Quote from: Madiel on June 26, 2020, 04:16:08 AM
I can only assume you have zero interest in following Bach's cantatas through a liturgical year. If you did want to do that, you would need something else.

Not done it myself, but I'm given to understand quite a lot of people like doing that. Not least because of the evidence that Bach himself cared about it.

Your assumption is incorrect. I have Richter's recordings - 5 vols covering (almost) a complete liturgical year and I have listened to them all, in order, twice. I have also dipped into the set for individual cantatas numerous times. I have various other cantata recordings - Gardiner, Herreweghe and others. The BWV numbers are handy for finding information about specific works or ordering online.

Bach wrote two cycles of cantatas in Leipzig plus others earlier in Weimar and a few more in Leipzig several years after the two cycles. Giving them a unique number or identifier based on their place in the liturgical year would be tricky or possibly not very helpful.

The cantatas are an important part of Bach's output but by no means all of it, to say the least. A numbering system for the complete works is very useful indeed.

Madiel

#12341
Quote from: Biffo on June 26, 2020, 05:10:10 AM
Your assumption is incorrect.

Then your statement was incorrect. The BWV system will not enable you to follow one of Bach's cycles. It is not all you need. You need someone, whether you or someone else, to have figured out how to convert the jumbled sequence into a liturgical one.
Nobody has to apologise for using their brain.

Biffo

Quote from: Madiel on June 26, 2020, 05:52:05 AM
Then your statement was incorrect. The BWV system will not enable you to follow one of Bach's cycles. It is not all you need. You need someone, whether you or someone else, to have figured out how to convert the jumbled sequence into a liturgical one.

I never said it did.

Richter and Gardiner are organised according to the liturgical year. The Harnoncourt and Leonhardt recordings are organised by BWV number. No idea how other cycles are ordered.

Madiel

#12343
You said it was all you need. You've just disproved that. There is an obvious deficiency in the BWV ordering of the cantatas. I can't help it if you cannot follow the logic of your own statements. Go back and read. Good night.
Nobody has to apologise for using their brain.

Biffo

Quote from: Madiel on June 26, 2020, 06:09:12 AM
You said it was all you need. You've just disproved that. There is an obvious deficiency in the BWV ordering of the cantatas. I can't help it if you cannot follow the logic of your own statements. Go back and read. Good night.

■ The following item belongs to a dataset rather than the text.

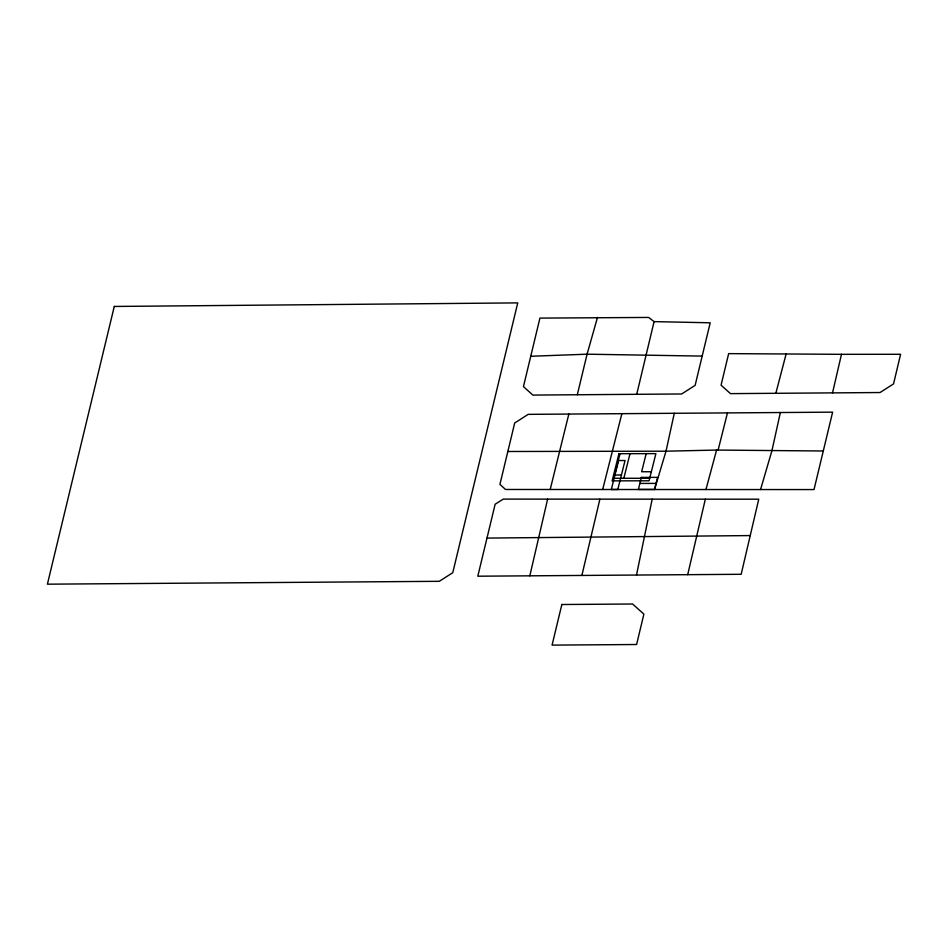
<?xml version="1.0" encoding="UTF-8"?>
<svg xmlns="http://www.w3.org/2000/svg" width="948" height="948" viewBox="0 0 948 948"><rect width="100%" height="100%" fill="white"/><g stroke="black" fill="none" stroke-linecap="round" stroke-linejoin="round"><path stroke-width="1.42" d="M636.499 575.045L741.17 574.287L758.755 499.193L503.234 499.11L495.14 504.241L477.804 576.206L636.499 575.045L652.188 499.169M674.289 413.292L528.202 414.359L514.693 422.998L499.928 484.369L505.521 489.476L814.012 489.571L832.628 412.155L674.289 413.292L666.017 451.189L654.523 489.512M780.358 412.546L771.968 450.549L760.569 489.535M529.825 575.827L547.624 499.134M687.703 574.689L705.336 499.181M832.522 392.875L841.48 354.327L900.6 354.279L893.537 383.904L880.028 392.531L730.47 393.633L721.061 385.161L728.657 353.628L841.48 354.327M581.871 575.46L599.894 499.146M636.724 394.321L654.084 321.621L648.61 317.438L539.933 318.101L523.45 386.606L532.847 395.079L681.648 393.977L695.133 385.362L710.206 322.794L654.084 321.621M577.308 394.747L587.085 354.185L597.501 317.379M568.836 414.075L550.196 489.476M623.831 478.278L630.005 453.665M646.18 453.642L641.642 471.749L651.347 471.737M602.679 489.5L621.876 413.684M620.016 453.689L613.794 478.278L649.7 478.29M718.11 450.075L727.46 412.925M775.843 393.301L786.117 353.995M705.952 489.535L716.581 450.063L823.338 450.999M530.761 356.27L587.085 354.185L702.184 356.104M716.581 450.063L666.017 451.189L507.82 451.497M486.976 538.085L750.224 535.573M614.944 475.019L621.414 475.007M639.888 483.433L656.063 483.409M114.281 306.453L47.4 584.181L439.279 581.314L452.765 572.699L517.75 302.886L114.281 306.453M561.844 604.516L552.068 645.114L636.594 644.51L643.882 614.15L632.6 604.006L561.844 604.516M618.949 453.689L612.135 480.861L649.072 480.802L655.886 453.63L618.949 453.689M618.582 460.527L611.318 489.5L617.788 489.488L625.052 460.515L618.582 460.527M641.393 477.401L638.371 489.464L654.547 489.441L657.568 477.365L641.393 477.401"/></g></svg>
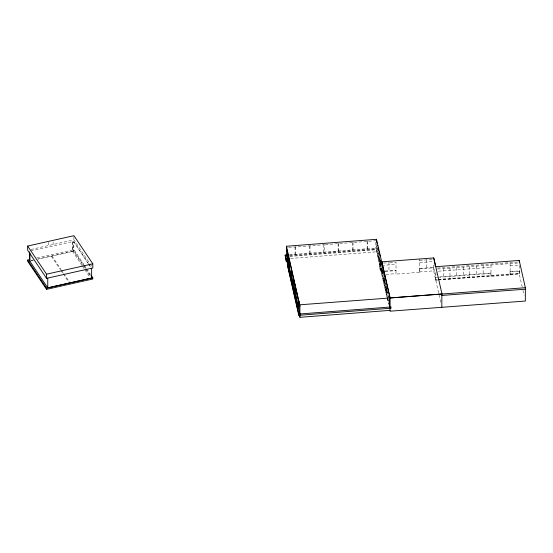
<?xml version="1.0" encoding="UTF-8"?>
<svg xmlns="http://www.w3.org/2000/svg" width="553" height="553" viewBox="0 0 553 553"><rect width="100%" height="100%" fill="white"/><g stroke="black" fill="none" stroke-linecap="round" stroke-linejoin="round"><path stroke-width="0.41" stroke-dasharray="2.77 2.07" d="M309.258 253.654L309.265 245.878M352.579 250.322L352.579 242.539M378.556 254.055L378.556 258.721L378.86 256.364M380.098 259.378L380.098 266.822L381.107 271.191L381.107 266.069L381.107 271.191L380.457 271.24L379.448 266.871L379.448 256.316M379.724 259.115L379.724 263.781L381.093 263.968M380.029 263.76L380.029 259.087M382.005 268.993L382.005 273.666L383.312 273.562M382.876 272.947L382.102 268.329L380.457 268.461L380.457 271.24M30.982 249.465L73.922 239.85L89.51 263.055M82.038 265.558L72.415 251.228L72.415 241.44L73.452 241.205L88.252 263.235M30.761 251L72.554 241.64L72.554 251.428L38.157 259.136M36.92 257.981L73.936 249.693L83.849 264.445M31.03 260.498L33.553 259.931M37.756 258.991L73.936 250.889L83.372 264.942M30.761 260.788L33.228 260.235M288.611 247.468L324.438 244.709L324.438 252.486M325.295 244.64L375.819 240.749M289.737 254.712L377.395 247.958L377.395 249.223L289.731 255.977M289.419 255.189L376.565 248.76L376.261 244.371M289.834 256.419L376.496 249.742L376.496 251.822L386.934 296.989M290.691 258.438L376.496 251.822M377.312 253.35L378.618 253.253M377.685 251.262L377.374 253.62L377.312 245.573M378.86 258.7L378.508 253.848M381.093 265.233L380.098 265.309L376.192 248.497M379.448 266.871L380.098 266.822M380.851 262.426L380.851 268.647L381.107 268.412M382.102 269.588L380.45 269.719L380.45 260.663M383.188 273.009L381.881 273.113L381.923 268.558M510.115 265.82L519.44 265.108L519.44 274.765M385.261 282.002L383.962 282.106L383.962 278.214M383.492 263.09L388.973 262.675L388.973 271.164M389.761 262.62L396.024 262.15L396.024 274.101L419.63 272.332L419.63 258.991M419.63 260.38L432.951 259.378M381.923 265.419L396.024 264.362M419.63 262.592L433.732 261.534M386.865 297.113L381.833 274.751L381.833 271.288L384.321 271.101M385.151 271.039L395.934 270.23L396.024 270.631L383.492 271.571M419.63 272.332L419.54 268.461L433.642 267.403L435.93 277.558L438.439 277.371M437.43 268.067L518.361 262.004M437.603 269.041L519.44 262.903M385.98 274.44L395.934 273.694L396.024 274.101M419.54 271.924L433.642 270.866L441.094 304.005M438.439 271.198L490.988 267.258M439.974 276.846L490.891 273.03L490.988 273.431L439.282 277.309M510.025 271.592L519.385 270.894L519.44 271.302L510.115 272L510.025 271.592L510.115 274.972L490.988 276.41L490.891 273.03M437.43 279.929L435.709 280.06L435.709 279.569L437.43 279.438M438.294 279.376L519.219 273.306L519.44 274.274M438.294 279.866L519.219 273.797L522.212 287.083M435.709 279.569L435.833 280.136L437.492 280.012M438.322 279.949L490.891 276.002M510.025 274.571L519.35 273.873L519.35 270.894M89.98 263.76L91.874 266.574M88.736 263.947L90.657 266.816M88.079 263.269L73.819 241.744L73.819 251.532M88.556 263.988L90.485 266.85M84.319 265.15L86.206 267.963M86.676 268.661L90.457 274.288M83.849 265.64L85.736 268.454M86.206 269.159L90.457 275.484M82.48 264.424L73.452 250.993L73.452 241.205M82.964 265.143L84.886 268.005M85.369 268.723L90.657 276.604M82.515 266.263L84.415 269.09M84.886 269.795L89.634 276.853M52.01 256.032L61.024 269.449M61.501 270.154L63.401 272.982M63.872 273.687L69.567 282.161M51.311 256.191L60.325 269.608M60.795 270.313L62.696 273.141M63.173 273.846L68.862 282.32M380.035 259.385L380.568 261.68M382.641 270.673L383.001 272.228M384.798 280.005L385.171 281.615L383.872 281.719L383.872 278.601M385.455 282.846L386.042 285.369M386.236 286.205L387.397 291.244M387.591 292.088L387.736 292.724L386.436 292.82L386.436 288.154M377.948 251.622L380.913 264.431M383.07 273.79L383.651 276.306M383.851 277.143L388.503 297.293M380.851 268.647L388.476 301.572M387.128 297.825L388.483 303.68M522.951 290.373L524.057 295.302M469.67 274.62L469.76 275.021M419.54 268.461L419.63 268.862L433.732 267.804L433.732 263.104M381.833 271.288L387.957 298.509M388.144 299.346L388.524 301.026M387.052 297.943L388.538 304.572M367.116 241.419L367.137 249.196M378.812 256.163L378.819 258.5M338.692 243.61L338.692 251.387M310.046 245.815L310.053 253.599M519.219 273.306L519.219 273.797M510.115 263.601L510.115 274.972M490.988 265.039L490.988 276.41M483.128 265.627L483.128 274.018M476.43 266.131L476.43 274.523M469.76 266.629L469.67 277.599M463.718 267.085L463.718 275.477M456.598 267.617L456.598 276.009M450.004 268.108L449.914 279.078M443.471 268.599L443.471 276.998M435.93 272.159L435.93 277.558M435.833 277.157L435.833 280.136M433.642 267.403L433.642 270.866M426.681 259.848L426.681 268.336M388.427 295.212L388.427 301.433M386.741 288.127L386.741 292.8L384.176 281.691L384.176 278.581M386.595 288.272L386.291 292.191L386.291 285.963M384.266 278.194L384.266 282.078M382.317 271.309L382.317 273.638L382.185 269.2M376.496 243.811L376.565 248.76M375.819 242.304L375.819 248.532M367.78 241.371L367.78 249.147M353.042 242.504L353.042 250.281M338.139 243.652L338.139 251.435M323.788 244.758L323.788 252.534M295.71 246.921L295.71 254.698M295.053 246.97L295.053 254.753M73.936 249.693L73.936 250.889M73.922 236.518L73.922 239.85M53.088 242.014L53.088 244.516M48.477 242.214L48.477 245.546"/><path stroke-width="0.83" d="M286.779 258.327L287.546 261.624L286.392 261.728L285.148 255.064L286.295 254.974L287.546 260.359L287.546 263.719M288.542 264.687L288.542 256.903M291.32 276.694L291.32 268.917M293.118 284.477L293.118 276.7M293.18 284.747L293.18 276.963M295.039 292.793L295.039 285.009M295.102 293.055L295.102 285.279M298.793 309.044L298.793 301.267M390.031 310.371L299.933 317.311L299.878 305.954M381.923 265.419L381.923 261.818L433.732 257.933L442.006 293.961L390.052 297.956L376.496 239.311L286.399 246.251L299.933 306.189L286.399 247.64L287 247.592M289.523 268.931L289.537 261.203M27.65 246.05L73.922 235.689L92.814 263.816L92.814 267.977L46.549 278.339L27.65 250.212L27.65 246.05L46.549 274.177L46.549 278.339M91.397 275.691L92.814 277.8L92.814 278.995L46.549 289.357L27.664 261.251L27.664 260.055L29.344 259.675M46.549 274.177L92.814 263.816M29.585 251.843L29.585 260.816L47.752 287.857L91.646 278.028M27.664 260.055L46.549 288.161L92.814 277.8M376.192 240.721L377.091 243.265M377.312 245.573L377.685 245.815M286.399 255.417L287 255.368M378.508 250.73L378.058 247.447M286.392 260.463L287.546 260.373L287.546 252.597M287.339 264.555L298.779 314.056L391.026 306.95L391.026 308.208L298.779 315.314L287.339 264.555L288.493 264.465L299.933 313.966M383.962 274.323L383.616 271.495M299.933 304.793L525.35 287.705L525.35 301.046L390.031 311.194L390.031 297.853L381.923 261.818M525.35 287.705L519.219 260.456L435.709 266.719L433.732 257.933M441.84 295.447L525.35 289.191M435.024 264.908L435.391 266.505M379.026 251.643L379.365 253.087M379.697 254.532L380.029 255.977M381.328 261.59L382.185 265.309M382.503 266.664L383.243 269.885M384.653 275.982L385.434 279.341M388.012 290.498L388.372 292.067M389.651 298.952L389.651 306.735M289.454 269.912L291.002 276.631M291.244 277.965L292.585 283.765M293.332 286.71L294.694 292.585M295.081 294.265L296.436 300.148M296.795 301.986L297.943 306.95M287.546 263.29L287.926 264.928M286.972 261.244L287.926 265.364M299.353 314.795L299.933 317.311M286.392 261.728L285.148 255.064M288.493 265.744L288.673 266.56M288.493 265.157L288.493 256.689M519.219 260.456L519.219 261.935M441.84 293.968L441.84 307.309M376.496 239.311L376.496 240.7M298.703 300.867L298.703 308.643M298.779 314.056L298.779 315.314M296.892 293.028L296.961 301.129M291.272 268.723L291.272 276.507M289.468 260.898L289.468 268.682M287.491 252.368L287.491 260.145M286.399 246.251L286.461 255.686M91.625 268.246L91.625 278.035M47.752 278.069L47.752 287.857M46.549 288.161L46.549 289.357M29.945 253.198L29.945 261.355"/></g></svg>

No I didn't, you go back and read.

Madiel

Nobody has to apologise for using their brain.

SurprisedByBeauty

#12346
What's this discussion really about?

A numbering system -- any numbering system -- serves its purpose in that it identifies a work. It may do _more_ than that (i.e. suggest chronology), but, as we see, not necessarily.

With that identification, we can then go and look up the information we need. That's what indices are for. There's no numbering system that could easily or satisfyingly catalog the Bach cantatas, for example, indicate chronology and liturgical order. Much less be in keeping with the cataloging of the rest of Bach's work.

Let's say we kept the system of BWV numbers, roughly, blocking off 1-224 for Cantatas. In liturgical order and within any given Sunday in chronological order: Would we then assign No.1 to Nun komm, der Heiden Heiland (BWV 61), No.2 to Nun komm, der Heiden Heiland (BWV 62), No.3 to Schwingt freudig euch empor (BWV 36), No.4 to Wachet! betet! betet! wachet! (BWV 70a), No.4a to Ärgre dich, o Seele, nicht, BWV (186a), No.5 to Bereitet die Wege, bereitet die Bahn (BWV 132)?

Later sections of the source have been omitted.